<<<<

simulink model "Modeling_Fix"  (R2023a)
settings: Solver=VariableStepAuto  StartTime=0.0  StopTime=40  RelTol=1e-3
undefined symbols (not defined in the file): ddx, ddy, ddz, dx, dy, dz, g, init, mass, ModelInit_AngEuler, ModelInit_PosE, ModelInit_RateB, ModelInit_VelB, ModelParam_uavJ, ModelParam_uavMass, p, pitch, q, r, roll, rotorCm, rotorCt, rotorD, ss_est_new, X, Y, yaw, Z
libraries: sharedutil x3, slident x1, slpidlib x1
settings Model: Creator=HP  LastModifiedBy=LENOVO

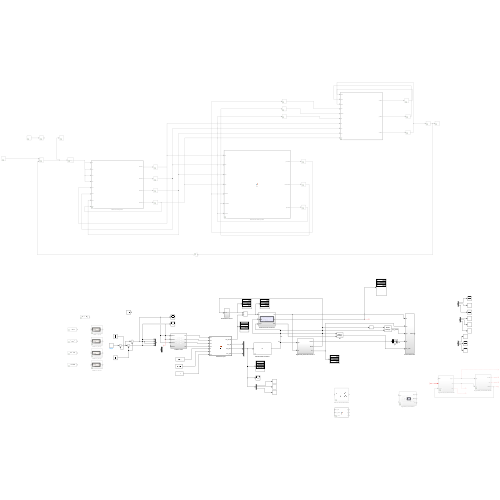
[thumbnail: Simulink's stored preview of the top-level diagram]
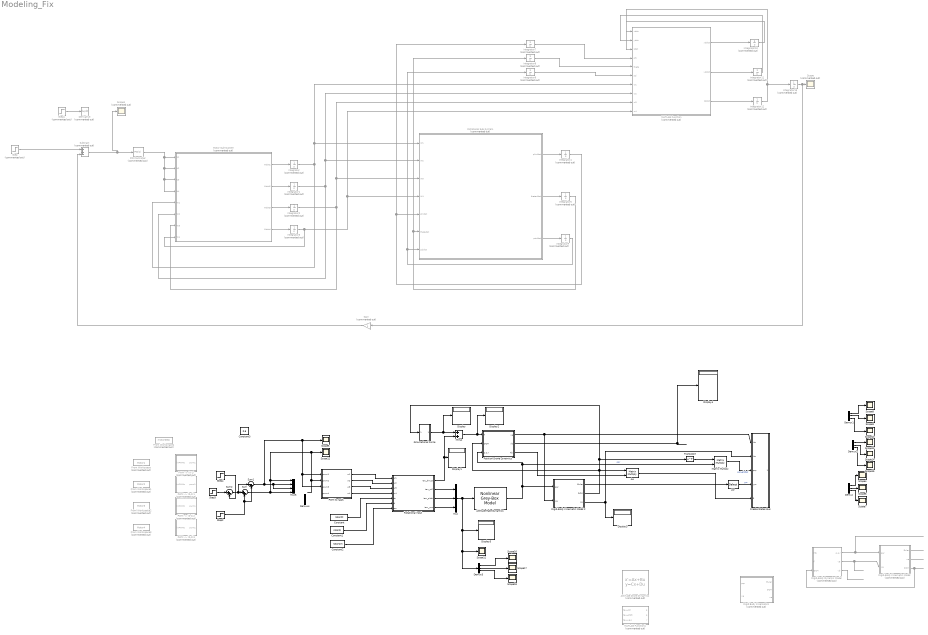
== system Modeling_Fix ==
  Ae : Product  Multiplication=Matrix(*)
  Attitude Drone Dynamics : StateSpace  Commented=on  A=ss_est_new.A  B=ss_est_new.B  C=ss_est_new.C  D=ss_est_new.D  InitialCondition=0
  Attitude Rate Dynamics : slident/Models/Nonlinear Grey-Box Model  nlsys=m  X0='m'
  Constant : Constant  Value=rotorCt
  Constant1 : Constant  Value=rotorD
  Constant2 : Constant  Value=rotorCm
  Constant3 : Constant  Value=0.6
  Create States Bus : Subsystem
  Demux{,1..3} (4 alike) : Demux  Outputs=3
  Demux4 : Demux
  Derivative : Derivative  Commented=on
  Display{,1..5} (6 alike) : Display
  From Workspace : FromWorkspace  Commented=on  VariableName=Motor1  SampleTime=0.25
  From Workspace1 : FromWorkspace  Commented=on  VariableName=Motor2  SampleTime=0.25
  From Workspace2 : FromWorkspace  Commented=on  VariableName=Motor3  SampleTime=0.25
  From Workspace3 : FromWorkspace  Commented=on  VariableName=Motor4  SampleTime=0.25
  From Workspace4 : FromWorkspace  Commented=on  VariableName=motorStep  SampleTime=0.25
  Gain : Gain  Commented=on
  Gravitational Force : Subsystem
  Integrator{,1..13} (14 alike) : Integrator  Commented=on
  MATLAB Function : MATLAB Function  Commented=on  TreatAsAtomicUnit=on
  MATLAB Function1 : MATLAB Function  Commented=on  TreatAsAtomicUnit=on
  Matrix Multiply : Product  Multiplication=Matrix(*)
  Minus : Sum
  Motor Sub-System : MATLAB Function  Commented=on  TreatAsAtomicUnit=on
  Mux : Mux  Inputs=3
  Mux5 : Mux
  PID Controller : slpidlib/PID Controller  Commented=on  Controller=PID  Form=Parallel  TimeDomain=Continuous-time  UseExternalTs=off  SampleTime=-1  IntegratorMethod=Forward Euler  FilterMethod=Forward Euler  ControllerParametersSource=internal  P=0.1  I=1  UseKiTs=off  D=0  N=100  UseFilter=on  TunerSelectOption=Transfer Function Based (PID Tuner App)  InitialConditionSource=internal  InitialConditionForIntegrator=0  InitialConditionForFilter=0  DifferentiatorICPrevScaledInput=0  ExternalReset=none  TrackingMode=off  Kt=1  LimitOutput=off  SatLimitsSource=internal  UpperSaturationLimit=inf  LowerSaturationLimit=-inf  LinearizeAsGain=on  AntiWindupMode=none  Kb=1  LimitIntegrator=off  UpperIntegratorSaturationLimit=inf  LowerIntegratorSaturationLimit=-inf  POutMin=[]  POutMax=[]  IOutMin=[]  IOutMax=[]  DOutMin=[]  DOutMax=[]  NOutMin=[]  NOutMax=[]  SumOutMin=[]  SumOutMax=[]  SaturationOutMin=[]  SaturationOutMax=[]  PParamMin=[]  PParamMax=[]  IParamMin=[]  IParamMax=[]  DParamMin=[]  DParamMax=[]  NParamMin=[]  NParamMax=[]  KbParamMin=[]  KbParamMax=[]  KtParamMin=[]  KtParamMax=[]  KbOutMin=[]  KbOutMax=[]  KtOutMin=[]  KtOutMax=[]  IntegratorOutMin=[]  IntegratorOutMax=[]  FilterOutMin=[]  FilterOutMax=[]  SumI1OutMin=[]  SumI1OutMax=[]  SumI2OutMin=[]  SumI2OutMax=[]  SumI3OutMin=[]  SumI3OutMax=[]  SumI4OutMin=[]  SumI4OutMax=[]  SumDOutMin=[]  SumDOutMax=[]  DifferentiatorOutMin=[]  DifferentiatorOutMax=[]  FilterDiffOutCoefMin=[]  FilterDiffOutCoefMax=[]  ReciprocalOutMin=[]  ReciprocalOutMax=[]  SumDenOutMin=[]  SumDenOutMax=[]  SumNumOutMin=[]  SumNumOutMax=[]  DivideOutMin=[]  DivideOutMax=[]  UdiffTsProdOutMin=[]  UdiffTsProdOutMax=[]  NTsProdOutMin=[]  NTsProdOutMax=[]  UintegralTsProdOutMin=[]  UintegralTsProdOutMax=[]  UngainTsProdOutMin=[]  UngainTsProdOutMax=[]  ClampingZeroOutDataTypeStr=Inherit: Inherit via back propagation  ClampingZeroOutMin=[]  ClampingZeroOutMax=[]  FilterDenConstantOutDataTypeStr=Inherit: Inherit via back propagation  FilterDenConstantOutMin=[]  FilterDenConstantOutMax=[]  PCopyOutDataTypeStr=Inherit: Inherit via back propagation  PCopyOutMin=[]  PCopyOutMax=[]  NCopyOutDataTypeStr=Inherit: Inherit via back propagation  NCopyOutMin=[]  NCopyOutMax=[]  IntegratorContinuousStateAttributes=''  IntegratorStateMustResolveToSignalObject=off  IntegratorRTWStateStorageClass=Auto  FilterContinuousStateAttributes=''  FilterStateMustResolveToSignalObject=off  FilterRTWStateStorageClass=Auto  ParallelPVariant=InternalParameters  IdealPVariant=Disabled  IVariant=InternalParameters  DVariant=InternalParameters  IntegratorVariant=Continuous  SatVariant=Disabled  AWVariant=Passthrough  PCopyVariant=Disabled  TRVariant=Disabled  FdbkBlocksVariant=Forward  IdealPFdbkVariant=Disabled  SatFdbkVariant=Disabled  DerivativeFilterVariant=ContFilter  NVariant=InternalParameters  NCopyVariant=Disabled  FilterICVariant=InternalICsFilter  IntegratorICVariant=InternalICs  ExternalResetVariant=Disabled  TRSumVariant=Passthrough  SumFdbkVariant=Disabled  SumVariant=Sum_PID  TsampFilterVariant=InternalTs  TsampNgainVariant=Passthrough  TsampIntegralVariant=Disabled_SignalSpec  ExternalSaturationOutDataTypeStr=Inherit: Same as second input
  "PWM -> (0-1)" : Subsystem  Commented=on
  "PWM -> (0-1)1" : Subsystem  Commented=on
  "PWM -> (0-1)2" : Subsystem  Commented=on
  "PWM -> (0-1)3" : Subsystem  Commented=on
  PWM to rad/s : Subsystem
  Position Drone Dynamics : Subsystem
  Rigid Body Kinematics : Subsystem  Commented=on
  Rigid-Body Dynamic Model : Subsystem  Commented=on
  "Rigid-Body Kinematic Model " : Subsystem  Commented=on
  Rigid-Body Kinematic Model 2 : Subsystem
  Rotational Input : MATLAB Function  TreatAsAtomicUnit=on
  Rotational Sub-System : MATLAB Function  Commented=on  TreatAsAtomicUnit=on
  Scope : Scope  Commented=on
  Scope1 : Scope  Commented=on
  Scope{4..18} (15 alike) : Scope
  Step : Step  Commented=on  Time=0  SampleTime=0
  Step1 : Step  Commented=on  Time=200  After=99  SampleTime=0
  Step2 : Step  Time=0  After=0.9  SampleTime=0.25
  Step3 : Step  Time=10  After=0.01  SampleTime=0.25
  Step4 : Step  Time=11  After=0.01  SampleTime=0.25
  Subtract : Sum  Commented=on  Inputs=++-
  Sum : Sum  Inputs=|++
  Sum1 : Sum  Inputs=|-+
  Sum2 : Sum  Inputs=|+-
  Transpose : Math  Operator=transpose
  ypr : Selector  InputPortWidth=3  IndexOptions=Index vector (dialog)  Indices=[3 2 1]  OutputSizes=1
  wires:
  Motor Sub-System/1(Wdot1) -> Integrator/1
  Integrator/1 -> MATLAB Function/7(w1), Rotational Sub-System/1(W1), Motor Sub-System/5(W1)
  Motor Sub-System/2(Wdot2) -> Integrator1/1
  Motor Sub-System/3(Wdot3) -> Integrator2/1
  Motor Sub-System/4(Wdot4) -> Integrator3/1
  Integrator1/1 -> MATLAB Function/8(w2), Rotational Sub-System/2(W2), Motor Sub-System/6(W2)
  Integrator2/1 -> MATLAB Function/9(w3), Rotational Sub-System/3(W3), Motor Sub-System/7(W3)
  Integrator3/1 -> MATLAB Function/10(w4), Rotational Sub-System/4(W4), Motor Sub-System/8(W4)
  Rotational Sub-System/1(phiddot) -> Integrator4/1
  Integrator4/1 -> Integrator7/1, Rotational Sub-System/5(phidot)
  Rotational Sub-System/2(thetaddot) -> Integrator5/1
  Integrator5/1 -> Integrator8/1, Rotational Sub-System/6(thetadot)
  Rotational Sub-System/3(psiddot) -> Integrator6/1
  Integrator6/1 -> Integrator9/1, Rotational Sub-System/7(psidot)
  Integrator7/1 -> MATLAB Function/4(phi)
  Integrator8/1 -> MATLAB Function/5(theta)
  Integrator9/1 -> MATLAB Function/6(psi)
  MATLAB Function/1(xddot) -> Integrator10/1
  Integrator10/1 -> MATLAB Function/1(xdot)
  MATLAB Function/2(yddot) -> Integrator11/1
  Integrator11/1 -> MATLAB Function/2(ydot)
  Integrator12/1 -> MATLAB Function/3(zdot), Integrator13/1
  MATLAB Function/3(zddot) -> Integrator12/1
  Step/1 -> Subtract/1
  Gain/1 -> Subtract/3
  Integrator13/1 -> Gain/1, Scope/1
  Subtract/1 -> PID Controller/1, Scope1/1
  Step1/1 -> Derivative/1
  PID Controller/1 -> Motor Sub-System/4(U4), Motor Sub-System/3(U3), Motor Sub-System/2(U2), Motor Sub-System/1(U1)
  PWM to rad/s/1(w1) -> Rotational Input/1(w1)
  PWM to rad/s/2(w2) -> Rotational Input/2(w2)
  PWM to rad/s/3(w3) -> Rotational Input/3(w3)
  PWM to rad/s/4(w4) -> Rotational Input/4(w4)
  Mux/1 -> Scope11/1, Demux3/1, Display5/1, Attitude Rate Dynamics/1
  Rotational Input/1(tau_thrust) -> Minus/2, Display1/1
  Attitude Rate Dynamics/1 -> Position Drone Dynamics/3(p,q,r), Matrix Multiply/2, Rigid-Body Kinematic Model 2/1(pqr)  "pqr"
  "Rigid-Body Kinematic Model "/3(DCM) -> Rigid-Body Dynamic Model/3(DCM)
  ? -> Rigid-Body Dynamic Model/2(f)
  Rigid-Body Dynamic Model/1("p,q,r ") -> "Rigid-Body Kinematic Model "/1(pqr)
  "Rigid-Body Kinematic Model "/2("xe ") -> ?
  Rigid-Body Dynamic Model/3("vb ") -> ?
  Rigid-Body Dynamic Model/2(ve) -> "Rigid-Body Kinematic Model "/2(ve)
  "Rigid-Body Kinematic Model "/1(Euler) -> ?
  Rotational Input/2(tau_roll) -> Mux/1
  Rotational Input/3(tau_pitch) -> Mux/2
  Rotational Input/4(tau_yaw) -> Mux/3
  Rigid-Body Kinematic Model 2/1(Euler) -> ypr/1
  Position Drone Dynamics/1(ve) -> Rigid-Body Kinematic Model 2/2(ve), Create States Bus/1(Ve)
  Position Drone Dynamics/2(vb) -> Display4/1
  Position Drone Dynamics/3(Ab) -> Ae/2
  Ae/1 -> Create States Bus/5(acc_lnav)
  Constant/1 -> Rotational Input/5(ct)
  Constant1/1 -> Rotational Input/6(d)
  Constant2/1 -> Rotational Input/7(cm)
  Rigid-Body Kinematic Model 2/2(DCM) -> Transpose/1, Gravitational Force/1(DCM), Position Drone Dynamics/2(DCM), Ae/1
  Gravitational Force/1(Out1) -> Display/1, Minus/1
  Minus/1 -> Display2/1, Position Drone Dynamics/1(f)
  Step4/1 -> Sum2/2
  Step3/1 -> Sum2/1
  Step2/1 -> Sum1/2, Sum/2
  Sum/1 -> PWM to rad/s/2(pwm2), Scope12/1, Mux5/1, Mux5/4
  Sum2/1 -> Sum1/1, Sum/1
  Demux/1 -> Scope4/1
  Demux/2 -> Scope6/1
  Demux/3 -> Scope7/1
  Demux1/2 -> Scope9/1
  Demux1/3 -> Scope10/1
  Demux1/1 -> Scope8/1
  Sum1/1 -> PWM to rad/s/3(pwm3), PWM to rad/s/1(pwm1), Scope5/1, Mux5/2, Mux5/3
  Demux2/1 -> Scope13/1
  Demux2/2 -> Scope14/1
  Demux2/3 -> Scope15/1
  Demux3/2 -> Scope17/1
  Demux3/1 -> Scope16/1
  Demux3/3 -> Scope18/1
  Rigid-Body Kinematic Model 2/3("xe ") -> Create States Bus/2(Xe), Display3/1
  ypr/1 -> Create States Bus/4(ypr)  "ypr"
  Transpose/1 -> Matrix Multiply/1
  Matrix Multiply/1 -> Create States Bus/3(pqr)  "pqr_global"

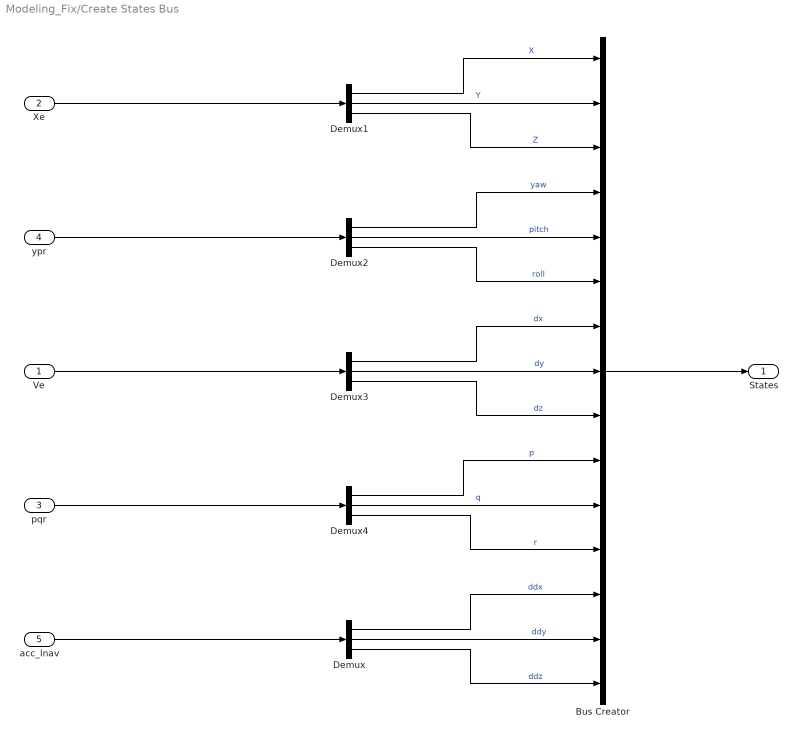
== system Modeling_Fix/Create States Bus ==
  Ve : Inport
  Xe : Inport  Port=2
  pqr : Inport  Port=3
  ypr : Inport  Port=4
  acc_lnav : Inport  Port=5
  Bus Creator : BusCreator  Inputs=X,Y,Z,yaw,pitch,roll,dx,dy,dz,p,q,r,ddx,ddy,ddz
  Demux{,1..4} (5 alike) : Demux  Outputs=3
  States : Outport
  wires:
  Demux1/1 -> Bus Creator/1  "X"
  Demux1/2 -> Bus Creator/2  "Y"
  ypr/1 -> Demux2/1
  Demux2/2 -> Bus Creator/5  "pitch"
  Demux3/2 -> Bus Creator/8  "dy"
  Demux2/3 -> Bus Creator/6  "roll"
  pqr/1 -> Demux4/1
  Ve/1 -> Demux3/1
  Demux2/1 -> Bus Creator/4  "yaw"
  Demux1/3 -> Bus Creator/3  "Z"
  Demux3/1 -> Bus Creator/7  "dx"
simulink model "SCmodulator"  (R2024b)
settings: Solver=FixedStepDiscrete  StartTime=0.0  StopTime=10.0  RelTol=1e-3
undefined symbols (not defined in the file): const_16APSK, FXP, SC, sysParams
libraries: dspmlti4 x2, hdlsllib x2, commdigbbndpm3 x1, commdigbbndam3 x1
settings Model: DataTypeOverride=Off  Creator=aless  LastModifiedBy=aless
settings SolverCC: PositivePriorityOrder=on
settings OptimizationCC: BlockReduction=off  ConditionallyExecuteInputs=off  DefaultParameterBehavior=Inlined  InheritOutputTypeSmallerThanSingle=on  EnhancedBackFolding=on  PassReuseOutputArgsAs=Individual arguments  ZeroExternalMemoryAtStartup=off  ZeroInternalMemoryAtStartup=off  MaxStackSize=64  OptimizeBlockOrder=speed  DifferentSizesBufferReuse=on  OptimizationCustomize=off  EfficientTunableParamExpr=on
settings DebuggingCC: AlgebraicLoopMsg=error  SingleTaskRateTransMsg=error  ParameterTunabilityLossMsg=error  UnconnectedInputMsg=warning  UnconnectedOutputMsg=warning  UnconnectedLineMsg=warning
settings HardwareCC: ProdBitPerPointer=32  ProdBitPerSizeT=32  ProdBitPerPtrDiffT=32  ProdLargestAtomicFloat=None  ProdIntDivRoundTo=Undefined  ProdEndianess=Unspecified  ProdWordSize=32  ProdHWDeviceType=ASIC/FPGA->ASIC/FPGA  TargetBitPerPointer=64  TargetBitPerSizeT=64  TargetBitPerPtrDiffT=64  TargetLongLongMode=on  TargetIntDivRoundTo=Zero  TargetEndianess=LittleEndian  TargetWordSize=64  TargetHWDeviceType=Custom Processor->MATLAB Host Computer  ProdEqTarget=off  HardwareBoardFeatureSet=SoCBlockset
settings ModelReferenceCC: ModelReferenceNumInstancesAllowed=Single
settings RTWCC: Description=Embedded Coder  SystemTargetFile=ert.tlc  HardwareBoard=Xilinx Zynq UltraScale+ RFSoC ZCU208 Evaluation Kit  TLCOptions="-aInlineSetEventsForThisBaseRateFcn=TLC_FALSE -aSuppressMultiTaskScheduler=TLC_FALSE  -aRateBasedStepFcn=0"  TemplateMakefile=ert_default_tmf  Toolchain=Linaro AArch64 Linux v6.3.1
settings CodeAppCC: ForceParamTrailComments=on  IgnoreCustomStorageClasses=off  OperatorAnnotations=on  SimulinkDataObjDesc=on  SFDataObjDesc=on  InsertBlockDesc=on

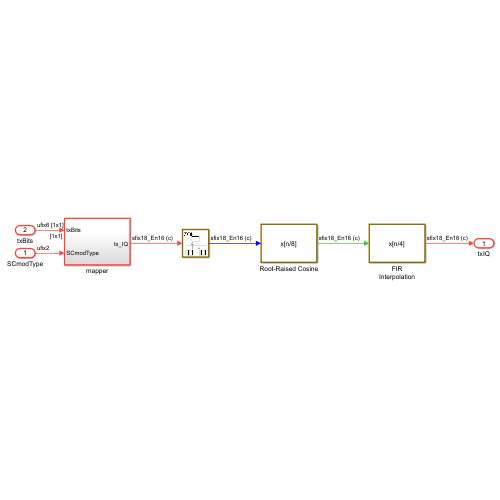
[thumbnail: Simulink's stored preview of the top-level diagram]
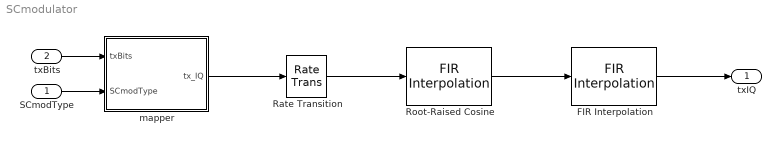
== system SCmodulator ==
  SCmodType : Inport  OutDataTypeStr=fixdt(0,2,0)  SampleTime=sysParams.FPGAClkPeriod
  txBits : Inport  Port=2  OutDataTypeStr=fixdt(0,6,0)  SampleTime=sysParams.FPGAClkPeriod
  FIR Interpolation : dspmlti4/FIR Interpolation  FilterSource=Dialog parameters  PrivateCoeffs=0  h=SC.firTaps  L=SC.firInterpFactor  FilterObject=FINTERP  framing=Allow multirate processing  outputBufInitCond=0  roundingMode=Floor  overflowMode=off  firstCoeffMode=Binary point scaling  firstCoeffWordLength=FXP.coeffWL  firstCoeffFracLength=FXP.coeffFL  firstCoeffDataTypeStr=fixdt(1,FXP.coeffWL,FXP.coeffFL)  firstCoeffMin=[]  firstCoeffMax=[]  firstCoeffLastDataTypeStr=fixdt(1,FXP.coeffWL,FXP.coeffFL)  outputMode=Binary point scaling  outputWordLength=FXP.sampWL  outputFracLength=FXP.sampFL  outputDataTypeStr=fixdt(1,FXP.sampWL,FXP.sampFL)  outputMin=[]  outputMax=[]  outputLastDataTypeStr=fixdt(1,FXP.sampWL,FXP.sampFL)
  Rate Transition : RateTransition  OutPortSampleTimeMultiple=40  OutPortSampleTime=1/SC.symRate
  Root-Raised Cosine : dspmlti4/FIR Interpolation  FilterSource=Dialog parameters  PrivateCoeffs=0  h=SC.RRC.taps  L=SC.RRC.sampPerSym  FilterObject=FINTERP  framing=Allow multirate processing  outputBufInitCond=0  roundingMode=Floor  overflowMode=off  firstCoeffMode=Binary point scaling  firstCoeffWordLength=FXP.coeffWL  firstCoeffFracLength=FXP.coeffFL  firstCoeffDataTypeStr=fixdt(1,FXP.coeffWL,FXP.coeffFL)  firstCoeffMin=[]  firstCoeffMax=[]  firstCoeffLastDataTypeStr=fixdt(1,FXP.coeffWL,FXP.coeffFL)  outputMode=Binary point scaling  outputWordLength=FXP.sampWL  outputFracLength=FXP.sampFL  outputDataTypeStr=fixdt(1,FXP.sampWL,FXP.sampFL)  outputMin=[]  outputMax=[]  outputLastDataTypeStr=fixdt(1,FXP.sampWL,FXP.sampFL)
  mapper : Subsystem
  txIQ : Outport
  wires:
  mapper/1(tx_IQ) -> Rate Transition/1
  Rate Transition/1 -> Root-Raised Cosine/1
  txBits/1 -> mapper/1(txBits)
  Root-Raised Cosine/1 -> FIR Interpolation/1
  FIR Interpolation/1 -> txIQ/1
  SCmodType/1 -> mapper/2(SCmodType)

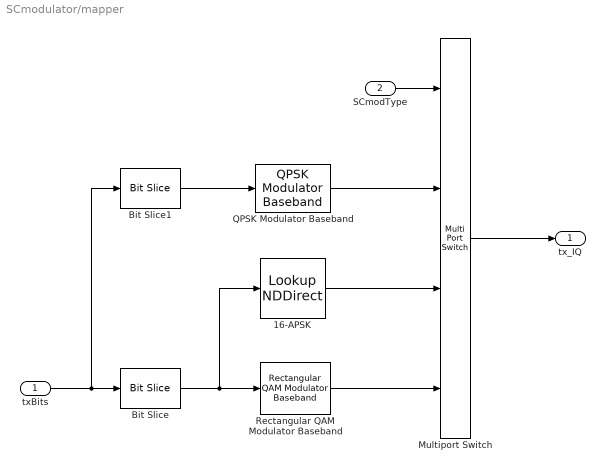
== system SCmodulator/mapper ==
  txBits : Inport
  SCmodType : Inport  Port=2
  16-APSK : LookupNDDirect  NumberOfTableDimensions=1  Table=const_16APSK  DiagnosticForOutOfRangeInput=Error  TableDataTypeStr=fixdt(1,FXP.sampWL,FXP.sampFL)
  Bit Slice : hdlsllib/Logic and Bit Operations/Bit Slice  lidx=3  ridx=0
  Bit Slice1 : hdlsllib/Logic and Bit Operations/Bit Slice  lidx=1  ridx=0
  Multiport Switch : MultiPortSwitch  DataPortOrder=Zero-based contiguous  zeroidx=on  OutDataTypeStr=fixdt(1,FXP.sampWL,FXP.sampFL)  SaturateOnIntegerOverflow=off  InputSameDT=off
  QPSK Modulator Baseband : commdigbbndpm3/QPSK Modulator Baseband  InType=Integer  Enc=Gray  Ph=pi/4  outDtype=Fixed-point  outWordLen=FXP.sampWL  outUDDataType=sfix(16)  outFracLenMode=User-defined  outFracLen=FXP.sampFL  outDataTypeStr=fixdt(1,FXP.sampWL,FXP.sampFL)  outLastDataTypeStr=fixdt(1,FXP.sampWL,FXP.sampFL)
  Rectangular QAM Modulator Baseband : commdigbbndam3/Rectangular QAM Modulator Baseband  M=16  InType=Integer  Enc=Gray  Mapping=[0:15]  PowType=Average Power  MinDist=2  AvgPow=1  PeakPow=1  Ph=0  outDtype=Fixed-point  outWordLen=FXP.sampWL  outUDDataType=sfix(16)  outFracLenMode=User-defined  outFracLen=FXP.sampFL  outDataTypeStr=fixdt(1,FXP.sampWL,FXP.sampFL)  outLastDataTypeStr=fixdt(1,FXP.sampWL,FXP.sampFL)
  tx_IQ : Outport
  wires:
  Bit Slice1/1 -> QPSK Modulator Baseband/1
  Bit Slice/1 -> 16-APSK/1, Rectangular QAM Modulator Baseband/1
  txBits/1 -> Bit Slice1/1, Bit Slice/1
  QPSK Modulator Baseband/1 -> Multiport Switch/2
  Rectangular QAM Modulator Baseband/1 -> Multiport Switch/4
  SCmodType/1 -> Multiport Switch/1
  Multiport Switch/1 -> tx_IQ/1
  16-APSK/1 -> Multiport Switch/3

>>>>

* **Problem details**:
Since only part of the listing is wanted, copy exactly the lines from the one holding "Integrator9/1 -> MATLAB Function/6(psi)" to the one holding "Integrator12/1 -> MATLAB", both included.

* **Answer section**:
  Integrator9/1 -> MATLAB Function/6(psi)
  MATLAB Function/1(xddot) -> Integrator10/1
  Integrator10/1 -> MATLAB Function/1(xdot)
  MATLAB Function/2(yddot) -> Integrator11/1
  Integrator11/1 -> MATLAB Function/2(ydot)
  Integrator12/1 -> MATLAB Function/3(zdot), Integrator13/1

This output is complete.